Line 1: To calculate Line 1, skip down to Part II. You’ll use this worksheet to calculate any vehicle expenses. Simply go through each item line by line and answer them accurately. Remember that you’ll need evidence for everything claimed here, as well. Enter the total(s) on Lines 22 and 29 in box 1.

Line 2: This is for all transportation expenses that don’t involve overnight travel or your commute to and from work. This may include day trips on public transportation to see clients, parking expenses for business-related drives, or toll road expenses.

Line 3: Enter all travel expenses for overnight travel, including lodging, flights, car rentals, and more. Be sure not to enter any meals or entertainment on this line.

Line 4: Here, you’ll tally any other job-related expenses that don’t fall into the other categories on this form. “Include expenses for business gifts, education (tuition, fees, and books), home office, trade publications, etc.” Again, don’t list any meals or entertainment.

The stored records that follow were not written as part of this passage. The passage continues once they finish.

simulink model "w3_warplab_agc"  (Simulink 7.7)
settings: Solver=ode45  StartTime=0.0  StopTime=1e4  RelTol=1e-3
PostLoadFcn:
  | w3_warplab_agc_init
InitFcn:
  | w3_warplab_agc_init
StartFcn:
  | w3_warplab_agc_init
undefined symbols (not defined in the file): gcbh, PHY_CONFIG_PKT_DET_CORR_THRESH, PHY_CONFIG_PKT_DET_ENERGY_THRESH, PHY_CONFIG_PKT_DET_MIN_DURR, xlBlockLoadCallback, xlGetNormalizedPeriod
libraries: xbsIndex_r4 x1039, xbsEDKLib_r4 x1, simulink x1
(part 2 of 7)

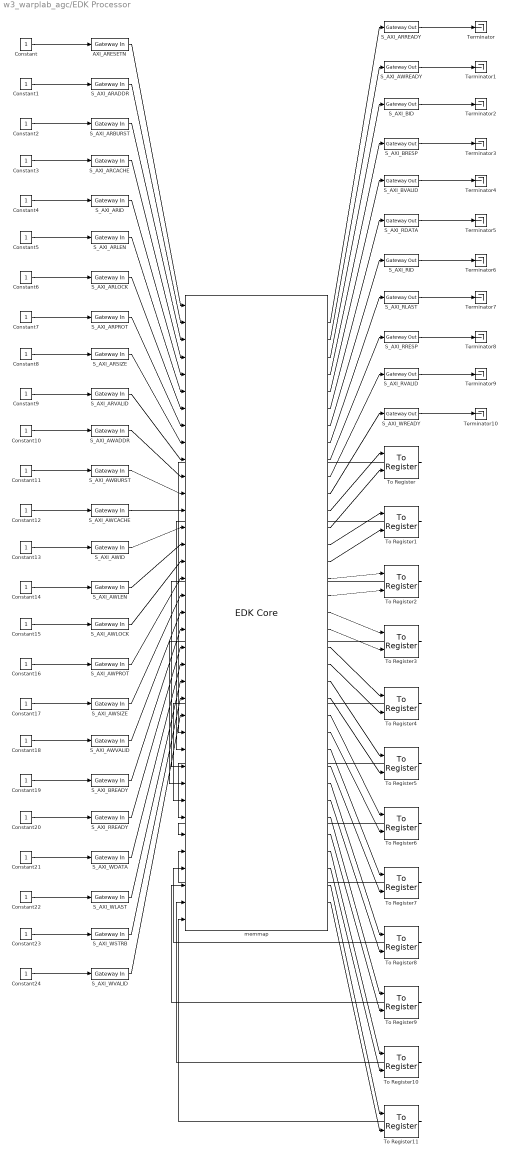
== system w3_warplab_agc/EDK Processor ==
  AXI_ARESETN : xbsIndex_r4/Gateway In  gui_display_data_type=Fixed-point  arith_type=Boolean  n_bits=16  bin_pt=14  preci_type=Single  exp_width=8  frac_width=24  quantization="Round  (unbiased: +/- Inf)"  overflow=Saturate  period=xlGetNormalizedPeriod()  dbl_ovrd=off  timing_constraint=None  locs_specified=off  LOCs={}  UseAsADC=off  ADCChannel='1'  inherit_from_input=off  hdl_port=on  block_type=gatewayin
  Constant{,1..24} (25 alike) : Constant
  S_AXI_ARADDR : xbsIndex_r4/Gateway In  gui_display_data_type=Fixed-point  arith_type=Unsigned  n_bits=32  bin_pt=0  preci_type=Single  exp_width=8  frac_width=24  quantization="Round  (unbiased: +/- Inf)"  overflow=Saturate  period=xlGetNormalizedPeriod()  dbl_ovrd=off  timing_constraint=None  locs_specified=off  LOCs={}  UseAsADC=off  ADCChannel='1'  inherit_from_input=off  hdl_port=on  block_type=gatewayin
  S_AXI_ARBURST : xbsIndex_r4/Gateway In  gui_display_data_type=Fixed-point  arith_type=Unsigned  n_bits=2  bin_pt=0  preci_type=Single  exp_width=8  frac_width=24  quantization="Round  (unbiased: +/- Inf)"  overflow=Saturate  period=xlGetNormalizedPeriod()  dbl_ovrd=off  timing_constraint=None  locs_specified=off  LOCs={}  UseAsADC=off  ADCChannel='1'  inherit_from_input=off  hdl_port=on  block_type=gatewayin
  S_AXI_ARCACHE : xbsIndex_r4/Gateway In  gui_display_data_type=Fixed-point  arith_type=Unsigned  n_bits=4  bin_pt=0  preci_type=Single  exp_width=8  frac_width=24  quantization="Round  (unbiased: +/- Inf)"  overflow=Saturate  period=xlGetNormalizedPeriod()  dbl_ovrd=off  timing_constraint=None  locs_specified=off  LOCs={}  UseAsADC=off  ADCChannel='1'  inherit_from_input=off  hdl_port=on  block_type=gatewayin
  S_AXI_ARID : xbsIndex_r4/Gateway In  gui_display_data_type=Fixed-point  arith_type=Unsigned  n_bits=8  bin_pt=0  preci_type=Single  exp_width=8  frac_width=24  quantization="Round  (unbiased: +/- Inf)"  overflow=Saturate  period=xlGetNormalizedPeriod()  dbl_ovrd=off  timing_constraint=None  locs_specified=off  LOCs={}  UseAsADC=off  ADCChannel='1'  inherit_from_input=off  hdl_port=on  block_type=gatewayin
  S_AXI_ARLEN : xbsIndex_r4/Gateway In  gui_display_data_type=Fixed-point  arith_type=Unsigned  n_bits=8  bin_pt=0  preci_type=Single  exp_width=8  frac_width=24  quantization="Round  (unbiased: +/- Inf)"  overflow=Saturate  period=xlGetNormalizedPeriod()  dbl_ovrd=off  timing_constraint=None  locs_specified=off  LOCs={}  UseAsADC=off  ADCChannel='1'  inherit_from_input=off  hdl_port=on  block_type=gatewayin
  S_AXI_ARLOCK : xbsIndex_r4/Gateway In  gui_display_data_type=Fixed-point  arith_type=Unsigned  n_bits=2  bin_pt=0  preci_type=Single  exp_width=8  frac_width=24  quantization="Round  (unbiased: +/- Inf)"  overflow=Saturate  period=xlGetNormalizedPeriod()  dbl_ovrd=off  timing_constraint=None  locs_specified=off  LOCs={}  UseAsADC=off  ADCChannel='1'  inherit_from_input=off  hdl_port=on  block_type=gatewayin
  S_AXI_ARPROT : xbsIndex_r4/Gateway In  gui_display_data_type=Fixed-point  arith_type=Unsigned  n_bits=3  bin_pt=0  preci_type=Single  exp_width=8  frac_width=24  quantization="Round  (unbiased: +/- Inf)"  overflow=Saturate  period=xlGetNormalizedPeriod()  dbl_ovrd=off  timing_constraint=None  locs_specified=off  LOCs={}  UseAsADC=off  ADCChannel='1'  inherit_from_input=off  hdl_port=on  block_type=gatewayin
  S_AXI_ARREADY : xbsIndex_r4/Gateway Out  inherit_from_input=off  hdl_port=on  timing_constraint=None  locs_specified=off  LOCs={}  UseAsDAC=off  DACChannel='1'  block_type=gatewayout
  S_AXI_ARSIZE : xbsIndex_r4/Gateway In  gui_display_data_type=Fixed-point  arith_type=Unsigned  n_bits=3  bin_pt=0  preci_type=Single  exp_width=8  frac_width=24  quantization="Round  (unbiased: +/- Inf)"  overflow=Saturate  period=xlGetNormalizedPeriod()  dbl_ovrd=off  timing_constraint=None  locs_specified=off  LOCs={}  UseAsADC=off  ADCChannel='1'  inherit_from_input=off  hdl_port=on  block_type=gatewayin
  S_AXI_ARVALID : xbsIndex_r4/Gateway In  gui_display_data_type=Fixed-point  arith_type=Boolean  n_bits=16  bin_pt=14  preci_type=Single  exp_width=8  frac_width=24  quantization="Round  (unbiased: +/- Inf)"  overflow=Saturate  period=xlGetNormalizedPeriod()  dbl_ovrd=off  timing_constraint=None  locs_specified=off  LOCs={}  UseAsADC=off  ADCChannel='1'  inherit_from_input=off  hdl_port=on  block_type=gatewayin
  S_AXI_AWADDR : xbsIndex_r4/Gateway In  gui_display_data_type=Fixed-point  arith_type=Unsigned  n_bits=32  bin_pt=0  preci_type=Single  exp_width=8  frac_width=24  quantization="Round  (unbiased: +/- Inf)"  overflow=Saturate  period=xlGetNormalizedPeriod()  dbl_ovrd=off  timing_constraint=None  locs_specified=off  LOCs={}  UseAsADC=off  ADCChannel='1'  inherit_from_input=off  hdl_port=on  block_type=gatewayin
  S_AXI_AWBURST : xbsIndex_r4/Gateway In  gui_display_data_type=Fixed-point  arith_type=Unsigned  n_bits=2  bin_pt=0  preci_type=Single  exp_width=8  frac_width=24  quantization="Round  (unbiased: +/- Inf)"  overflow=Saturate  period=xlGetNormalizedPeriod()  dbl_ovrd=off  timing_constraint=None  locs_specified=off  LOCs={}  UseAsADC=off  ADCChannel='1'  inherit_from_input=off  hdl_port=on  block_type=gatewayin
  S_AXI_AWCACHE : xbsIndex_r4/Gateway In  gui_display_data_type=Fixed-point  arith_type=Unsigned  n_bits=4  bin_pt=0  preci_type=Single  exp_width=8  frac_width=24  quantization="Round  (unbiased: +/- Inf)"  overflow=Saturate  period=xlGetNormalizedPeriod()  dbl_ovrd=off  timing_constraint=None  locs_specified=off  LOCs={}  UseAsADC=off  ADCChannel='1'  inherit_from_input=off  hdl_port=on  block_type=gatewayin
  S_AXI_AWID : xbsIndex_r4/Gateway In  gui_display_data_type=Fixed-point  arith_type=Unsigned  n_bits=8  bin_pt=0  preci_type=Single  exp_width=8  frac_width=24  quantization="Round  (unbiased: +/- Inf)"  overflow=Saturate  period=xlGetNormalizedPeriod()  dbl_ovrd=off  timing_constraint=None  locs_specified=off  LOCs={}  UseAsADC=off  ADCChannel='1'  inherit_from_input=off  hdl_port=on  block_type=gatewayin
  S_AXI_AWLEN : xbsIndex_r4/Gateway In  gui_display_data_type=Fixed-point  arith_type=Unsigned  n_bits=8  bin_pt=0  preci_type=Single  exp_width=8  frac_width=24  quantization="Round  (unbiased: +/- Inf)"  overflow=Saturate  period=xlGetNormalizedPeriod()  dbl_ovrd=off  timing_constraint=None  locs_specified=off  LOCs={}  UseAsADC=off  ADCChannel='1'  inherit_from_input=off  hdl_port=on  block_type=gatewayin
  S_AXI_AWLOCK : xbsIndex_r4/Gateway In  gui_display_data_type=Fixed-point  arith_type=Unsigned  n_bits=2  bin_pt=0  preci_type=Single  exp_width=8  frac_width=24  quantization="Round  (unbiased: +/- Inf)"  overflow=Saturate  period=xlGetNormalizedPeriod()  dbl_ovrd=off  timing_constraint=None  locs_specified=off  LOCs={}  UseAsADC=off  ADCChannel='1'  inherit_from_input=off  hdl_port=on  block_type=gatewayin
  S_AXI_AWPROT : xbsIndex_r4/Gateway In  gui_display_data_type=Fixed-point  arith_type=Unsigned  n_bits=3  bin_pt=0  preci_type=Single  exp_width=8  frac_width=24  quantization="Round  (unbiased: +/- Inf)"  overflow=Saturate  period=xlGetNormalizedPeriod()  dbl_ovrd=off  timing_constraint=None  locs_specified=off  LOCs={}  UseAsADC=off  ADCChannel='1'  inherit_from_input=off  hdl_port=on  block_type=gatewayin
  S_AXI_AWREADY : xbsIndex_r4/Gateway Out  inherit_from_input=off  hdl_port=on  timing_constraint=None  locs_specified=off  LOCs={}  UseAsDAC=off  DACChannel='1'  block_type=gatewayout
  S_AXI_AWSIZE : xbsIndex_r4/Gateway In  gui_display_data_type=Fixed-point  arith_type=Unsigned  n_bits=3  bin_pt=0  preci_type=Single  exp_width=8  frac_width=24  quantization="Round  (unbiased: +/- Inf)"  overflow=Saturate  period=xlGetNormalizedPeriod()  dbl_ovrd=off  timing_constraint=None  locs_specified=off  LOCs={}  UseAsADC=off  ADCChannel='1'  inherit_from_input=off  hdl_port=on  block_type=gatewayin
  S_AXI_AWVALID : xbsIndex_r4/Gateway In  gui_display_data_type=Fixed-point  arith_type=Boolean  n_bits=16  bin_pt=14  preci_type=Single  exp_width=8  frac_width=24  quantization="Round  (unbiased: +/- Inf)"  overflow=Saturate  period=xlGetNormalizedPeriod()  dbl_ovrd=off  timing_constraint=None  locs_specified=off  LOCs={}  UseAsADC=off  ADCChannel='1'  inherit_from_input=off  hdl_port=on  block_type=gatewayin
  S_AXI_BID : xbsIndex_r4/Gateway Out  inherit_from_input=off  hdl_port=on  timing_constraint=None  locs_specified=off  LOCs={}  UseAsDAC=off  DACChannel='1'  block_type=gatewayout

Line 5: This is the spot for meals and entertainment expenses. Generally, 50% of business-related meal and entertainment expenses are allowed to be expensed.

  • To calculate meal expenses, you have two options:
    1. Enter the actual amount of each meal related to business (plus, provide evidence for each meal, including location, purpose, and specific date).
    2. Claim the standard meal allowance, calculated depending on where you travel. For small locations in the US, this is $51/day, but it may be greater in other cities. You can find rate calculators online to determine your expensable amount.
  • To calculate entertainment expenses, you must “prove the business purpose and the amount of each expense, the date and place of the entertainment, and the business relationship of the persons entertained.”

Line 6: Tally all the above expenses. Enter the total of lines 1-4 in Column A and the total from line 5 in Column B.

Step 2: Enter Reimbursements Received From Your Employer

Under Step 2, enter a tally of all “reimbursements received from your employer (or third party) for expenses shown in Step 1 that weren’t reported to you in box 1 of your W-2.” If your employer didn’t reimburse you for any items listed in Step 1, skip this section.

Step 3: Figure Expenses to Deduct

Now, it’s time to calculate your actual deduction. Follow the instructions on each line to calculate your exact deductible amount. While you won’t be able to deduct the entire total of your expensable items, it’s better than nothing.

How to File Form 2106 Electronically?

Since IRS Form 2106 can be attached to your tax return, submitting it electronically is easy. The IRS offers numerous ways to e-file your tax return for free online. However, you want Form 2106 to be as accurate as possible to not put yourself at risk of litigation. It’s recommended you contact a tax professional for further assistance.

Where to Mail Form 2106?

If you’re mailing Form 2106 along with your tax return, the address will depend on the state you reside in. Use the Where to File Addresses for Taxpayers and Tax Professionals Filing Form 1040 or Form 1040-SR site provided by the IRS.

Have You Incorrectly Completed IRS Form 2106?

If you’ve concluded that you may have made an error on your Form 2106, you may be at risk for fines and/or litigation by the IRS. Contact a tax services professional for tax relief help. They’ll work with you to identify any errors that have been made and create a relief plan if needed. Additionally, they’ll act as an intermediary between you and the IRS to iron out any issues as soon as possible.

Completing your IRS Form 2106 may be a pain, but it isn’t impossible. Remember to take each step line by line, double-check all of your totals, provide evidence for each, and get professional help when needed.